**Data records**
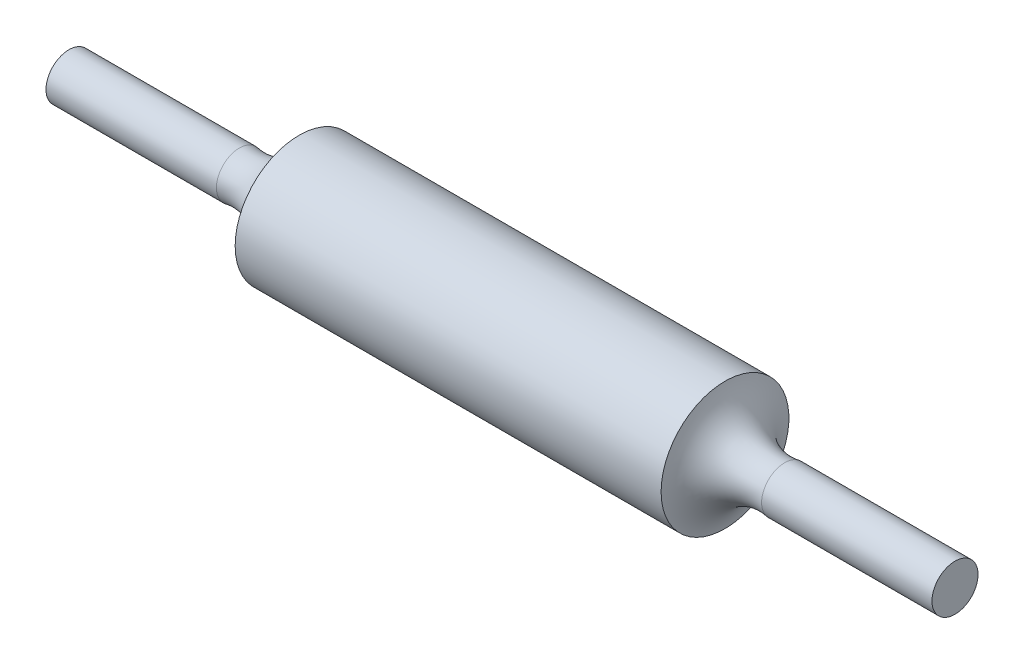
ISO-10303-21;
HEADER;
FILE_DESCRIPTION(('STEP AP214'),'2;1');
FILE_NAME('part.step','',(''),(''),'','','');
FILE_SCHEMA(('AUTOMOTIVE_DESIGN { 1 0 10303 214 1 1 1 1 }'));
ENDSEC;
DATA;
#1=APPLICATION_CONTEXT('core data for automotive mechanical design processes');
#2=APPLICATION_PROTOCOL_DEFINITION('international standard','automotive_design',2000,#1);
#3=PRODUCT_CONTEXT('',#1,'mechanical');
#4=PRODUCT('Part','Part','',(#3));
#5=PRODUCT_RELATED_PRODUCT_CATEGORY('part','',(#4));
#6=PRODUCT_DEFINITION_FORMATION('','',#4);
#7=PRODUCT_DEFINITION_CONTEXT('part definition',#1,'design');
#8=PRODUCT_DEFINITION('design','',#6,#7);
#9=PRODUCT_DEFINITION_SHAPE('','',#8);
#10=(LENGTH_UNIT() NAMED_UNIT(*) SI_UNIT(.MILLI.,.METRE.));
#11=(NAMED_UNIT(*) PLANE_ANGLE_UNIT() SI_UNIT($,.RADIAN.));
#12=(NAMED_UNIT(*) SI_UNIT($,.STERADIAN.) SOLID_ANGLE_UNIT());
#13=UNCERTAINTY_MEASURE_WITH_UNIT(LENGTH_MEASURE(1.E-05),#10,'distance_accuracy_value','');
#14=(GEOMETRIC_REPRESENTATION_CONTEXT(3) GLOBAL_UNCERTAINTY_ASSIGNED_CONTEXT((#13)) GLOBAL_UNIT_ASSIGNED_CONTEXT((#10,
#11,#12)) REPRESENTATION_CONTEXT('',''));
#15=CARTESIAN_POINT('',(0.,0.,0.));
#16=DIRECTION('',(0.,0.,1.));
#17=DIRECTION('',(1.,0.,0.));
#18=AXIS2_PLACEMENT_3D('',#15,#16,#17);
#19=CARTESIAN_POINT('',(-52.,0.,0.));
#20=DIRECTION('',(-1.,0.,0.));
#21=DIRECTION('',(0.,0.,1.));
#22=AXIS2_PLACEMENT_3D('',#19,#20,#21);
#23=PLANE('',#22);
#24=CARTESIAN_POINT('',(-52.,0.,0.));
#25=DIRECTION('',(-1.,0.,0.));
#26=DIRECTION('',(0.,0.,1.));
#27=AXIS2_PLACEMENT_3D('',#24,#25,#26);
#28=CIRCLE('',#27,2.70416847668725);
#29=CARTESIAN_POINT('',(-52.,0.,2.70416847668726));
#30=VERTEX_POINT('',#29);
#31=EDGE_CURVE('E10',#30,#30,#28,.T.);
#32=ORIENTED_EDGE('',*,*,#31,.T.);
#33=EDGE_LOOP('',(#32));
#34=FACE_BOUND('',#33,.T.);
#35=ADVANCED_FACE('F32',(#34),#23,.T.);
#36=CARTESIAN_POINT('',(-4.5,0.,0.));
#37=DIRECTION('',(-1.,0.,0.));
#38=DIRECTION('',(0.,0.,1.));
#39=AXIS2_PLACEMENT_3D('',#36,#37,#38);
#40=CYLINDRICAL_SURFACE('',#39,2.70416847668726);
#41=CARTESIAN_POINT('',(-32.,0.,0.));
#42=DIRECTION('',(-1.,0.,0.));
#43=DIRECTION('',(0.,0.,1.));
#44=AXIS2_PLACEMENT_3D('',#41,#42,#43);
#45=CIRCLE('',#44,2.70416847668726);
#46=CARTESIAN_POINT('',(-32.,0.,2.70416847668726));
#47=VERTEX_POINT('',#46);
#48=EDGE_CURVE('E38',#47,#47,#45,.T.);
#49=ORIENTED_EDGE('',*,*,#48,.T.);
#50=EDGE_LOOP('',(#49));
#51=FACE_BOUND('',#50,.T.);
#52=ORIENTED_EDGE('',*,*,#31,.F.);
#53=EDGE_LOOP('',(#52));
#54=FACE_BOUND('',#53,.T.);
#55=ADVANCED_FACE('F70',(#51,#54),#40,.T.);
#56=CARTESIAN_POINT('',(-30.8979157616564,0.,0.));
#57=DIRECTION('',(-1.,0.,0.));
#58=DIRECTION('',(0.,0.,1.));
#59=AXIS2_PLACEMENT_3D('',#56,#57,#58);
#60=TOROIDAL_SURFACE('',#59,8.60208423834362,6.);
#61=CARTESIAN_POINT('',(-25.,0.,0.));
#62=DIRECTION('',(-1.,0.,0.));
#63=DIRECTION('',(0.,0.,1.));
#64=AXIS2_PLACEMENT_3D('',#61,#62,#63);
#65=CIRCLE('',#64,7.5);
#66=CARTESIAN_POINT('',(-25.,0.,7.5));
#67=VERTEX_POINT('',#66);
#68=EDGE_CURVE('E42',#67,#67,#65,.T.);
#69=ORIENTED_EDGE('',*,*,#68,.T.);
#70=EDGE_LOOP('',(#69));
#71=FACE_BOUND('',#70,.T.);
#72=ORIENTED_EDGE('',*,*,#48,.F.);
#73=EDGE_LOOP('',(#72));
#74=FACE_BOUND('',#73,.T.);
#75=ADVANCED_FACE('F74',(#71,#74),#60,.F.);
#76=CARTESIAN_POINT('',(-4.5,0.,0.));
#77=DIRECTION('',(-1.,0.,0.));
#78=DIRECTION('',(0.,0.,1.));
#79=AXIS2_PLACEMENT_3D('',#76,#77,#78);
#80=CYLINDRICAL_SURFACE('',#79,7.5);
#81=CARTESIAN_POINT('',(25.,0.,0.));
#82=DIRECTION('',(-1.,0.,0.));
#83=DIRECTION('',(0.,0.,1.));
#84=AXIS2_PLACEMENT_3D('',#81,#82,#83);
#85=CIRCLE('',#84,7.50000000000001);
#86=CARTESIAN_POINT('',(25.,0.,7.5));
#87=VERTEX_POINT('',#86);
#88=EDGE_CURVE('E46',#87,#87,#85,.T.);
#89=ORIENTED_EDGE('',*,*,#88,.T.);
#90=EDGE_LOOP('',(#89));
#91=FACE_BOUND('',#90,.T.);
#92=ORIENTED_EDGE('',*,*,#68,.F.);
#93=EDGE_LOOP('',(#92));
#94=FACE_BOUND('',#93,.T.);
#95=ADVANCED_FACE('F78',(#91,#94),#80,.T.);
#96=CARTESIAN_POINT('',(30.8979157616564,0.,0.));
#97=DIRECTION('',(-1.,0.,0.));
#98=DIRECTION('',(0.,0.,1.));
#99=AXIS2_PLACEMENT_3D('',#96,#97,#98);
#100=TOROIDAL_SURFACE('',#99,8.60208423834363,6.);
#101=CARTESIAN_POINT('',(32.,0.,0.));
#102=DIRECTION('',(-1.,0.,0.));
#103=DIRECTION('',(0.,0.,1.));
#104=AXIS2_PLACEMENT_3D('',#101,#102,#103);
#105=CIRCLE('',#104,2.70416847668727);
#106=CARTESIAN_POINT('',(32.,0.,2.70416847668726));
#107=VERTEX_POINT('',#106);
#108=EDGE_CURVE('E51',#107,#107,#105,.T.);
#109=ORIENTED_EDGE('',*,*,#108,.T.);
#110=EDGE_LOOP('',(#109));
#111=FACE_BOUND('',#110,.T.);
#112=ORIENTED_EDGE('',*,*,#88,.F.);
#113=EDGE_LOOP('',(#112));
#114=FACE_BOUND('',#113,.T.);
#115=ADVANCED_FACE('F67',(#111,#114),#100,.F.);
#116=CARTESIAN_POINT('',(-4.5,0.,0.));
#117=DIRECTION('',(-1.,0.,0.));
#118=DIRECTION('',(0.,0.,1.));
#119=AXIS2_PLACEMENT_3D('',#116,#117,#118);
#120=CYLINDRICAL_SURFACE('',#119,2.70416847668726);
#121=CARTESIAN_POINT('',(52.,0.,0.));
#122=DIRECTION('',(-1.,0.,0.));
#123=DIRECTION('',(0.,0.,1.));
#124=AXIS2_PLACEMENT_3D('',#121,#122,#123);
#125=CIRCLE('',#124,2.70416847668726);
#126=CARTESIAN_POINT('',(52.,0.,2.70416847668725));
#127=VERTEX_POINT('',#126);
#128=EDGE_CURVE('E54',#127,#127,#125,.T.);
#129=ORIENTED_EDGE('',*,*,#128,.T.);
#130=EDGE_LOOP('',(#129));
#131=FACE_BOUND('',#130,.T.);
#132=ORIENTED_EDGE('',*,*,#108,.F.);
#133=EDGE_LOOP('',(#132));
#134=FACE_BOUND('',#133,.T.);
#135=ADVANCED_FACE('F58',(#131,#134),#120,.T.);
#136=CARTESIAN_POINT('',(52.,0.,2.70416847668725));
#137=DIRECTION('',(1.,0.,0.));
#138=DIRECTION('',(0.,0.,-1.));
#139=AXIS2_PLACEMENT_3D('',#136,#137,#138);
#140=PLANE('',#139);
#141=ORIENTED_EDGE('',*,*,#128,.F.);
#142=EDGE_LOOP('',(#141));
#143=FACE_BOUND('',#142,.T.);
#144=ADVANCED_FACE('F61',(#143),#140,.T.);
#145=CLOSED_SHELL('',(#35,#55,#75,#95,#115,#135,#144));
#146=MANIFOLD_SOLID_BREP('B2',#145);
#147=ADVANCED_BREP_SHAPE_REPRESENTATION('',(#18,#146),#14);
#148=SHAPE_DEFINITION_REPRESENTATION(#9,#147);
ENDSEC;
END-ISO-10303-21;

**PROBLEM DETAILS**
Will you return exactly the lines above from the one with "#86=CARTESIAN_POINT('',(25.,0.,7.5));" down to the one with "#143=FACE_BOUND('',#142,.T.);", counting both as part of the range?

**EXERCISE RESULT**
#86=CARTESIAN_POINT('',(25.,0.,7.5));
#87=VERTEX_POINT('',#86);
#88=EDGE_CURVE('E46',#87,#87,#85,.T.);
#89=ORIENTED_EDGE('',*,*,#88,.T.);
#90=EDGE_LOOP('',(#89));
#91=FACE_BOUND('',#90,.T.);
#92=ORIENTED_EDGE('',*,*,#68,.F.);
#93=EDGE_LOOP('',(#92));
#94=FACE_BOUND('',#93,.T.);
#95=ADVANCED_FACE('F78',(#91,#94),#80,.T.);
#96=CARTESIAN_POINT('',(30.8979157616564,0.,0.));
#97=DIRECTION('',(-1.,0.,0.));
#98=DIRECTION('',(0.,0.,1.));
#99=AXIS2_PLACEMENT_3D('',#96,#97,#98);
#100=TOROIDAL_SURFACE('',#99,8.60208423834363,6.);
#101=CARTESIAN_POINT('',(32.,0.,0.));
#102=DIRECTION('',(-1.,0.,0.));
#103=DIRECTION('',(0.,0.,1.));
#104=AXIS2_PLACEMENT_3D('',#101,#102,#103);
#105=CIRCLE('',#104,2.70416847668727);
#106=CARTESIAN_POINT('',(32.,0.,2.70416847668726));
#107=VERTEX_POINT('',#106);
#108=EDGE_CURVE('E51',#107,#107,#105,.T.);
#109=ORIENTED_EDGE('',*,*,#108,.T.);
#110=EDGE_LOOP('',(#109));
#111=FACE_BOUND('',#110,.T.);
#112=ORIENTED_EDGE('',*,*,#88,.F.);
#113=EDGE_LOOP('',(#112));
#114=FACE_BOUND('',#113,.T.);
#115=ADVANCED_FACE('F67',(#111,#114),#100,.F.);
#116=CARTESIAN_POINT('',(-4.5,0.,0.));
#117=DIRECTION('',(-1.,0.,0.));
#118=DIRECTION('',(0.,0.,1.));
#119=AXIS2_PLACEMENT_3D('',#116,#117,#118);
#120=CYLINDRICAL_SURFACE('',#119,2.70416847668726);
#121=CARTESIAN_POINT('',(52.,0.,0.));
#122=DIRECTION('',(-1.,0.,0.));
#123=DIRECTION('',(0.,0.,1.));
#124=AXIS2_PLACEMENT_3D('',#121,#122,#123);
#125=CIRCLE('',#124,2.70416847668726);
#126=CARTESIAN_POINT('',(52.,0.,2.70416847668725));
#127=VERTEX_POINT('',#126);
#128=EDGE_CURVE('E54',#127,#127,#125,.T.);
#129=ORIENTED_EDGE('',*,*,#128,.T.);
#130=EDGE_LOOP('',(#129));
#131=FACE_BOUND('',#130,.T.);
#132=ORIENTED_EDGE('',*,*,#108,.F.);
#133=EDGE_LOOP('',(#132));
#134=FACE_BOUND('',#133,.T.);
#135=ADVANCED_FACE('F58',(#131,#134),#120,.T.);
#136=CARTESIAN_POINT('',(52.,0.,2.70416847668725));
#137=DIRECTION('',(1.,0.,0.));
#138=DIRECTION('',(0.,0.,-1.));
#139=AXIS2_PLACEMENT_3D('',#136,#137,#138);
#140=PLANE('',#139);
#141=ORIENTED_EDGE('',*,*,#128,.F.);
#142=EDGE_LOOP('',(#141));
#143=FACE_BOUND('',#142,.T.);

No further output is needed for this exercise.